As we will see below, it is possible to achieve a great deal using free tools. However, the report also exposes some significant limitations with existing tools for access and benefit-sharing. These can be briefly summarised as possible.
1. International scientific publications are distributed in a myriad of pay walled (pay per view silos). Free tools such as CrossRef and PubMed provide access to limited metadata about publications that can be used in ABS monitoring. In addition, commercial tools such as Thomson Reuters Web of Science provide access to a great range of meta data. However, at present access to data is a significant obstacle to monitoring as we will see in the case of CrossRef.
2. Access to patent data using free patent databases is typically limited to metadata (front pages) and the ability to search the full text (where genetic resources are typically referenced) are presently limited. This situation is changing through full text search facilities using the Lens free patent database and WIPO Patentscope. In addition, the USPTO provides for bulk downloads of its entire patent collection. As such the situation is improving but data access in the form required for effective monitoring is presently limited.
3. Issues around data access relate to the ability to engage in monitoring at scale. Taxonomic information about genetic resources recorded in international databases such as the [Global Biodiversity Information Facility](http://www.gbif.org/) are typically in the order of 10s of thousands of species. This presents challenges in terms of searching millions of documents and, where access to the data is possible, require advanced text mining methods. We are not there yet, but the situation is improving.
In light of these challenges in terms of data access and the ability to operate at scale, an approach to monitoring that starts with achievable goals and expands in scope as data access improves is likely to be the most appropriate.
The Handbook is presently divided into four broad sections.
Section 1 Biodiversity Informatics. This section focuses on accessing taxonomic data from the Global Biodiversity Information Facility in order to generate species lists for use in monitoring and the use of coordinate data for mapping.
Section 2 Scientific Literature. This section explores methods for obtaining the scientific literature and then combines data on researchers who have held permits with research with the scientific literature.
This section also explores the strengths and weaknesses of the use of ORCID researcher identifier system to retrieve scientific publications linked to researchers who have held permits and the role of identifiers in automating monitoring.

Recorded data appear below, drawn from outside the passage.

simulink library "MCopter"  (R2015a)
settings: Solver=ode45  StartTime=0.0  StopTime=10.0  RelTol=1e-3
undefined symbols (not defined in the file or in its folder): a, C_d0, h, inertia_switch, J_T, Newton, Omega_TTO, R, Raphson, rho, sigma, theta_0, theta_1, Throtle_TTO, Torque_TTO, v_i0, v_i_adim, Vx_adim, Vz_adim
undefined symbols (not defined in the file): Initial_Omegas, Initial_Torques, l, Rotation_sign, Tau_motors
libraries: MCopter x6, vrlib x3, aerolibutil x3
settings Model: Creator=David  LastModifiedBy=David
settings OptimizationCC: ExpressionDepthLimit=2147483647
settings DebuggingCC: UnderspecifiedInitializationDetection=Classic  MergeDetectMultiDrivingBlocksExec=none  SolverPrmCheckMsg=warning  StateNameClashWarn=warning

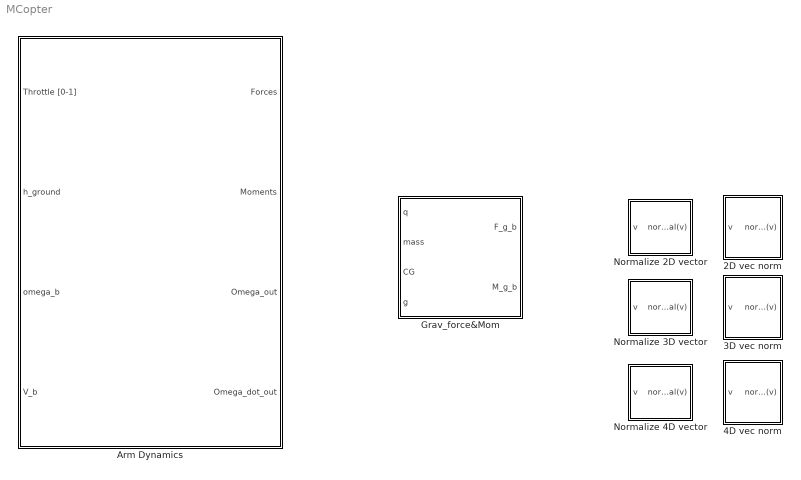
== system MCopter ==
  2D vec norm : Subsystem  TreatAsAtomicUnit=on
  3D vec norm : Subsystem  TreatAsAtomicUnit=on
  4D vec norm : Subsystem  TreatAsAtomicUnit=on
  Arm Dynamics : Subsystem  TreatAsAtomicUnit=on  mask(Arm dynamics, forces and moments){Rot_sign=Rotation_sign(1), arm_num=1, tau=Tau_motors, arm_hub_pos=l*[1;0;0], J_T=J_T, h=h, Torq_ini=Initial_Torques(1), Omega_ini=Initial_Omegas(1)}
      mask prompts: Rot_sign "Rotation Sign"; arm_num "Arm number"; tau "Tau motors"; arm_hub_pos "Arm Hub position"; J_T "Inertia Motor+Prop"; h "h propeller hub"; Torq_ini "Torque Initial Condition"; Omega_ini "Omega Initial Condition"
      mask help:
      | Author: David Torres
      |
      | This block assumes that the spinning axis of the propellers is the same axis as the z-axis of the vehicle.
      mask TypeOptions Rot_sign: Aerodynamics Propeller/Rot_sign
      mask TypeOptions tau: ESC+Motor Dynamcis/tau
      mask TypeOptions arm_hub_pos: Hub_position/Value
      mask TypeOptions J_T: ESC+Motor Dynamcis/J_T
      mask TypeOptions h: h arm/Value
      mask TypeOptions Torq_ini: Initial_torque/X0
      mask TypeOptions Omega_ini: initial_omega/X0 | omega_ini/Value
      mask Display:
      | % fprintf(' Arm number %i \n dynamics',arm_num)
      | 
      | 
      | disp(['{\bf \fontsize{16}',sprintf('Arm number\n\n'),num2str(arm_num),sprintf('\n\n Dynamics '),'}'], 'texmode','on');
  Grav_force&Mom : Subsystem  TreatAsAtomicUnit=on
  Normalize 2D vector : Subsystem  TreatAsAtomicUnit=on
  Normalize 3D vector : Subsystem  TreatAsAtomicUnit=on
  Normalize 4D vector : Subsystem  TreatAsAtomicUnit=on

== system MCopter/2D vec norm ==
  v : Inport
  norm^2rm : Subsystem  TreatAsAtomicUnit=on
  sqrt : Sqrt  AlgorithmType=Newton-Raphson  SaturateOnIntegerOverflow=on
  norm(v) : Outport
  wires:
  sqrt/1 -> norm(v)/1
  norm^2rm/1(norm(v)) -> sqrt/1
  v/1 -> norm^2rm/1(v)

== system MCopter/3D vec norm ==
  v : Inport
  norm^2rm : Subsystem  TreatAsAtomicUnit=on
  sqrt : Sqrt  AlgorithmType=Newton-Raphson  SaturateOnIntegerOverflow=on
  norm(v) : Outport
  wires:
  v/1 -> norm^2rm/1(v)
  norm^2rm/1(norm(v)) -> sqrt/1
  sqrt/1 -> norm(v)/1

== system MCopter/4D vec norm ==
  v : Inport
  norm^2rm : Subsystem  TreatAsAtomicUnit=on
  sqrt : Sqrt  AlgorithmType=Newton-Raphson  SaturateOnIntegerOverflow=on
  norm(v) : Outport
  wires:
  sqrt/1 -> norm(v)/1
  norm^2rm/1(norm(v)) -> sqrt/1
  v/1 -> norm^2rm/1(v)

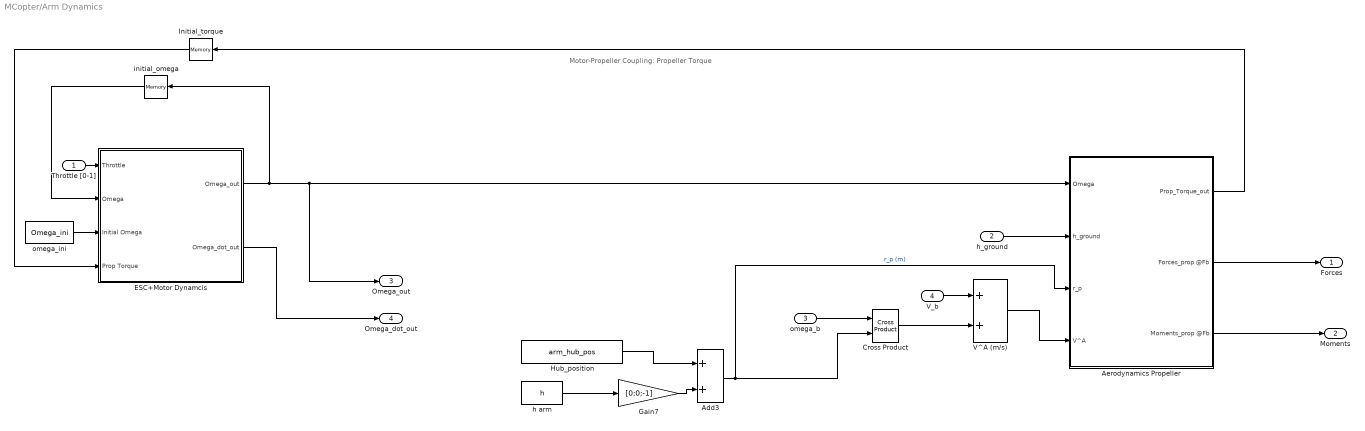
== system MCopter/Arm Dynamics ==
  note: Motor-Propeller Coupling: Propeller Torque
  Throttle [0-1] : Inport
  h_ground : Inport  Port=2
  omega_b : Inport  Port=3
  V_b : Inport  Port=4
  Add3 : Sum
  Aerodynamics Propeller : Subsystem  TreatAsAtomicUnit=on  mask{Rot_sign=Rot_sign}
      mask prompts: Rot_sign "Rotation Sign"
      settings: MinAlgLoopOccurrences=on
      mask TypeOptions Rot_sign: Rotation_sign/Value
  Cross Product : vrlib/Utilities/Cross Product
  ESC+Motor Dynamcis : Subsystem  TreatAsAtomicUnit=on  VariantControl=Variant_completed  mask{Inertia_swithc_var=Motor+Prop, J_T=J_T, tau=tau}
      mask prompts: Inertia_swithc_var "Which inertia to use?"; J_T "Inertia Motor+Prop"; tau "Tau motors"
      mask TypeOptions Inertia_swithc_var: None | Motor+Prop
      mask Callback Inertia_swithc_var:
      | val = get_param(gcb,'MaskValues');
      | % lower(val{1})
      | switch lower(val{1})
      |  case {'none'}
      |   inertia_switch=1;
      |  case {'motor+prop'}
      |   inertia_switch=2;
      | end
      mask TypeOptions J_T: Inertia of prop+motor/Value
      mask TypeOptions tau: Time constant motors/Value
  Gain7 : Gain  Gain=[0;0;-1]
  Hub_position : Constant  Value=arm_hub_pos
  Initial_torque : Memory  X0=Torq_ini
  V^A (m/s) : Sum
  h arm : Constant  Value=h
  initial_omega : Memory  X0=Omega_ini
  omega_ini : Constant  Value=Omega_ini
  Forces : Outport
  Moments : Outport  Port=2
  Omega_out : Outport  Port=3
  Omega_dot_out : Outport  Port=4
  wires:
  Throttle [0-1]/1 -> ESC+Motor Dynamcis/1(Throttle)
  omega_ini/1 -> ESC+Motor Dynamcis/3(Initial Omega)
  ESC+Motor Dynamcis/2(Omega_dot_out) -> Omega_dot_out/1
  ESC+Motor Dynamcis/1(Omega_out) -> initial_omega/1, Omega_out/1, Aerodynamics Propeller/1(Omega)
  h_ground/1 -> Aerodynamics Propeller/2(h_ground)
  omega_b/1 -> Cross Product/1
  Cross Product/1 -> V^A (m/s)/2
  V_b/1 -> V^A (m/s)/1
  V^A (m/s)/1 -> Aerodynamics Propeller/4(V^A)
  Aerodynamics Propeller/2(Forces_prop @Fb) -> Forces/1
  Aerodynamics Propeller/3(Moments_prop @Fb) -> Moments/1
  Aerodynamics Propeller/1(Prop_Torque_out) -> Initial_torque/1
  initial_omega/1 -> ESC+Motor Dynamcis/2(Omega)
  Gain7/1 -> Add3/2
  Hub_position/1 -> Add3/1
  h arm/1 -> Gain7/1
  Add3/1 -> Aerodynamics Propeller/3(r_p), Cross Product/2  "r_p (m)"
  Initial_torque/1 -> ESC+Motor Dynamcis/4(Prop Torque)

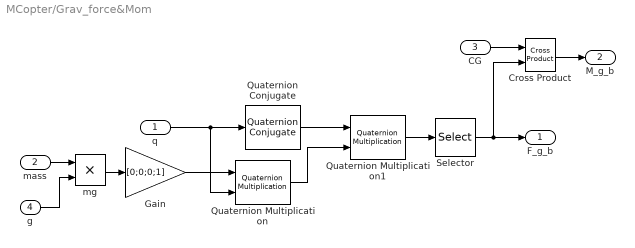
== system MCopter/Grav_force&Mom ==
  q : Inport
  mass : Inport  Port=2
  CG : Inport  Port=3
  g : Inport  Port=4
  Cross Product : vrlib/Utilities/Cross Product
  Gain : Gain  Gain=[0;0;0;1]
  Quaternion Conjugate : aerolibutil/Quaternion Conjugate
  Quaternion Multiplication : aerolibutil/Quaternion Multiplication
  Quaternion Multiplication1 : aerolibutil/Quaternion Multiplication
  Selector : Selector  IndexMode=Zero-based  InputPortWidth=4  Indices=[1:3]
  mg : Product  RndMeth=Zero
  F_g_b : Outport
  M_g_b : Outport  Port=2
  wires:
  mass/1 -> mg/1
  g/1 -> mg/2
  mg/1 -> Gain/1
  Gain/1 -> Quaternion Multiplication/1
  q/1 -> Quaternion Conjugate/1, Quaternion Multiplication/2
  Quaternion Conjugate/1 -> Quaternion Multiplication1/1
  Quaternion Multiplication/1 -> Quaternion Multiplication1/2
  Quaternion Multiplication1/1 -> Selector/1
  Selector/1 -> Cross Product/2, F_g_b/1
  CG/1 -> Cross Product/1
  Cross Product/1 -> M_g_b/1

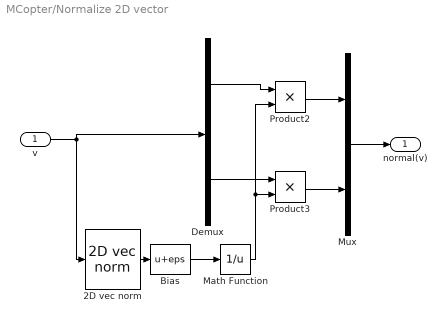
== system MCopter/Normalize 2D vector ==
  v : Inport
  2D vec norm : MCopter/2D vec norm
  Bias : Bias  Bias=eps
  Demux : Demux  Outputs=2
  Math Function : Math  Operator=reciprocal  SaturateOnIntegerOverflow=on
  Mux : Mux  Inputs=2
  Product2 : Product  Inputs=**
  Product3 : Product  Inputs=**
  normal(v) : Outport
  wires:
  Math Function/1 -> Product2/2, Product3/2
  Demux/2 -> Product3/1
  Demux/1 -> Product2/1
  Mux/1 -> normal(v)/1
  v/1 -> 2D vec norm/1, Demux/1
  Bias/1 -> Math Function/1
  Product2/1 -> Mux/1
  Product3/1 -> Mux/2
  2D vec norm/1 -> Bias/1

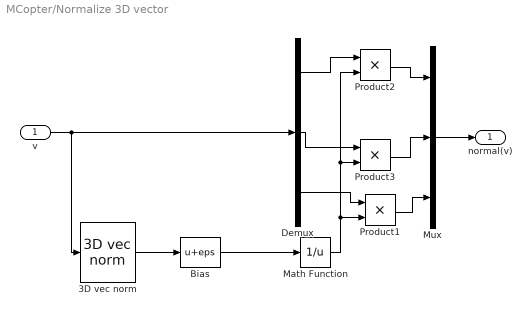
== system MCopter/Normalize 3D vector ==
  v : Inport
  3D vec norm : MCopter/3D vec norm
  Bias : Bias  Bias=eps
  Demux : Demux  Outputs=3
  Math Function : Math  Operator=reciprocal  SaturateOnIntegerOverflow=on
  Mux : Mux  Inputs=3
  Product1 : Product  Inputs=**
  Product2 : Product  Inputs=**
  Product3 : Product  Inputs=**
  normal(v) : Outport
  wires:
  Demux/2 -> Product3/1
  Demux/1 -> Product2/1
  Mux/1 -> normal(v)/1
  v/1 -> 3D vec norm/1, Demux/1
  3D vec norm/1 -> Bias/1
  Product2/1 -> Mux/1
  Product3/1 -> Mux/2
  Demux/3 -> Product1/1
  Math Function/1 -> Product2/2, Product3/2, Product1/2
  Product1/1 -> Mux/3
  Bias/1 -> Math Function/1

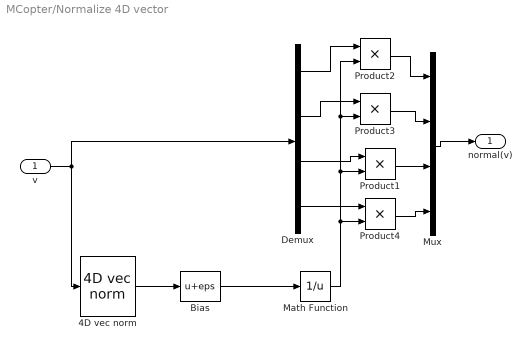
== system MCopter/Normalize 4D vector ==
  v : Inport
  4D vec norm : MCopter/4D vec norm
  Bias : Bias  Bias=eps
  Demux : Demux
  Math Function : Math  Operator=reciprocal  SaturateOnIntegerOverflow=on
  Mux : Mux
  Product{1..4} (4 alike) : Product  Inputs=**
  normal(v) : Outport
  wires:
  Bias/1 -> Math Function/1
  Product1/1 -> Mux/3
  Math Function/1 -> Product4/2, Product1/2, Product3/2, Product2/2
  Demux/3 -> Product1/1
  Product3/1 -> Mux/2
  Product2/1 -> Mux/1
  4D vec norm/1 -> Bias/1
  v/1 -> 4D vec norm/1, Demux/1
  Mux/1 -> normal(v)/1
  Demux/1 -> Product2/1
  Demux/2 -> Product3/1
  Demux/4 -> Product4/1
  Product4/1 -> Mux/4

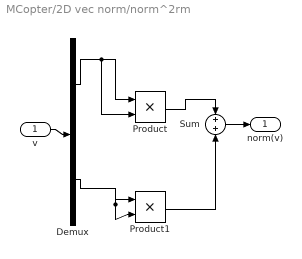
== system MCopter/2D vec norm/norm^2rm ==
  v : Inport
  Demux : Demux  Outputs=2
  Product : Product
  Product1 : Product
  Sum : Sum  Inputs=2
  norm(v) : Outport
  wires:
  v/1 -> Demux/1
  Sum/1 -> norm(v)/1
  Product/1 -> Sum/1
  Product1/1 -> Sum/2
  Demux/1 -> Product/1, Product/2
  Demux/2 -> Product1/2, Product1/1

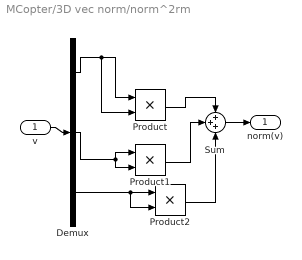
== system MCopter/3D vec norm/norm^2rm ==
  v : Inport
  Demux : Demux  Outputs=3
  Product : Product
  Product1 : Product
  Product2 : Product
  Sum : Sum  Inputs=3
  norm(v) : Outport
  wires:
  Demux/2 -> Product1/2, Product1/1
  Demux/1 -> Product/2, Product/1
  Product1/1 -> Sum/2
  Product/1 -> Sum/1
  Sum/1 -> norm(v)/1
  v/1 -> Demux/1
  Demux/3 -> Product2/2, Product2/1
  Product2/1 -> Sum/3

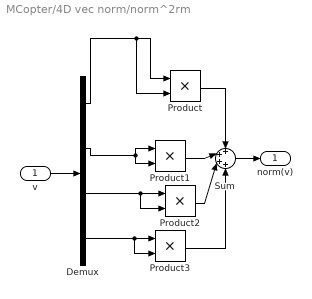
== system MCopter/4D vec norm/norm^2rm ==
  v : Inport
  Demux : Demux
  Product{,1..3} (4 alike) : Product
  Sum : Sum  Inputs=4
  norm(v) : Outport
  wires:
  Product2/1 -> Sum/3
  Demux/3 -> Product2/1, Product2/2
  v/1 -> Demux/1
  Sum/1 -> norm(v)/1
  Product/1 -> Sum/1
  Product1/1 -> Sum/2
  Demux/1 -> Product/1, Product/2
  Demux/2 -> Product1/1, Product1/2
  Demux/4 -> Product3/2, Product3/1
  Product3/1 -> Sum/4

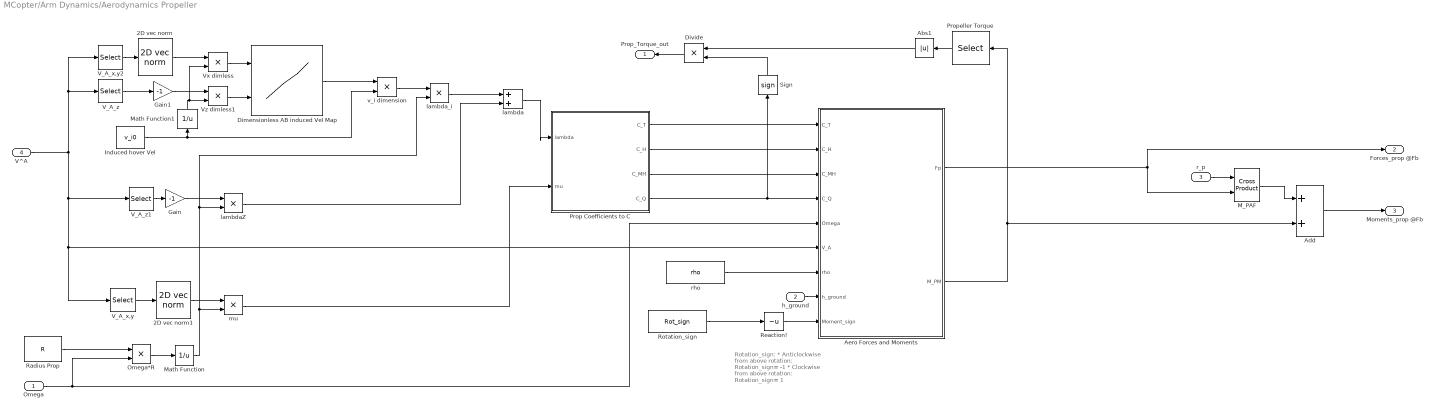
== system MCopter/Arm Dynamics/Aerodynamics Propeller ==
  note: Rotation_sign:
      |
      | * Anticlockwise from above rotation: Rotation_sign= -1
      | * Clockwise from above rotation: Rotation_sign= 1
  Omega : Inport
  h_ground : Inport  Port=2
  r_p : Inport  Port=3
  V^A : Inport  Port=4
  2D vec norm : MCopter/2D vec norm
  2D vec norm1 : MCopter/2D vec norm
  Abs1 : Abs
  Add : Sum
  "Aero Forces and Moments " : Subsystem  TreatAsAtomicUnit=on
  Dimensionless AB induced Vel Map : Lookup_n-D  BreakpointsForDimension1=Vx_adim  BreakpointsForDimension2=Vz_adim  BreakpointsForDimension3=[5, 7]  Table=v_i_adim  TableDataTypeStr=single  IntermediateResultsDataTypeStr=single  ExtrapMethod=Clip  RemoveProtectionInput=on  OutDataTypeStr=single  RndMeth=Zero  FractionDataTypeStr=single  InputSameDT=on
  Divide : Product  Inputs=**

Section 3 Patents. This section will examine the issues involved in monitoring genetic resources and associated traditional knowledge in the patent system. The section will build on existing work and training provided as part of the [WIPO Manual on Open Source Patent Analytics](https://wipo-analytics.github.io/).
Section 4 Data Visualization. Data visualization is a key element in communication and engagement. This section will explore a range of data visualization techniques such as the use of interactive maps and network visualization.
The Handbook will focus on practical methods and tools that countries can use to meet their monitoring needs under the Nagoya Protocol. Much of the work in the Handbook will involve experimentation but is based in the principle of reproducible research. That is, a reader interested in adopting or adapting a particular approach or tool will be provided in the articles with the code and the data that will allow them to do that.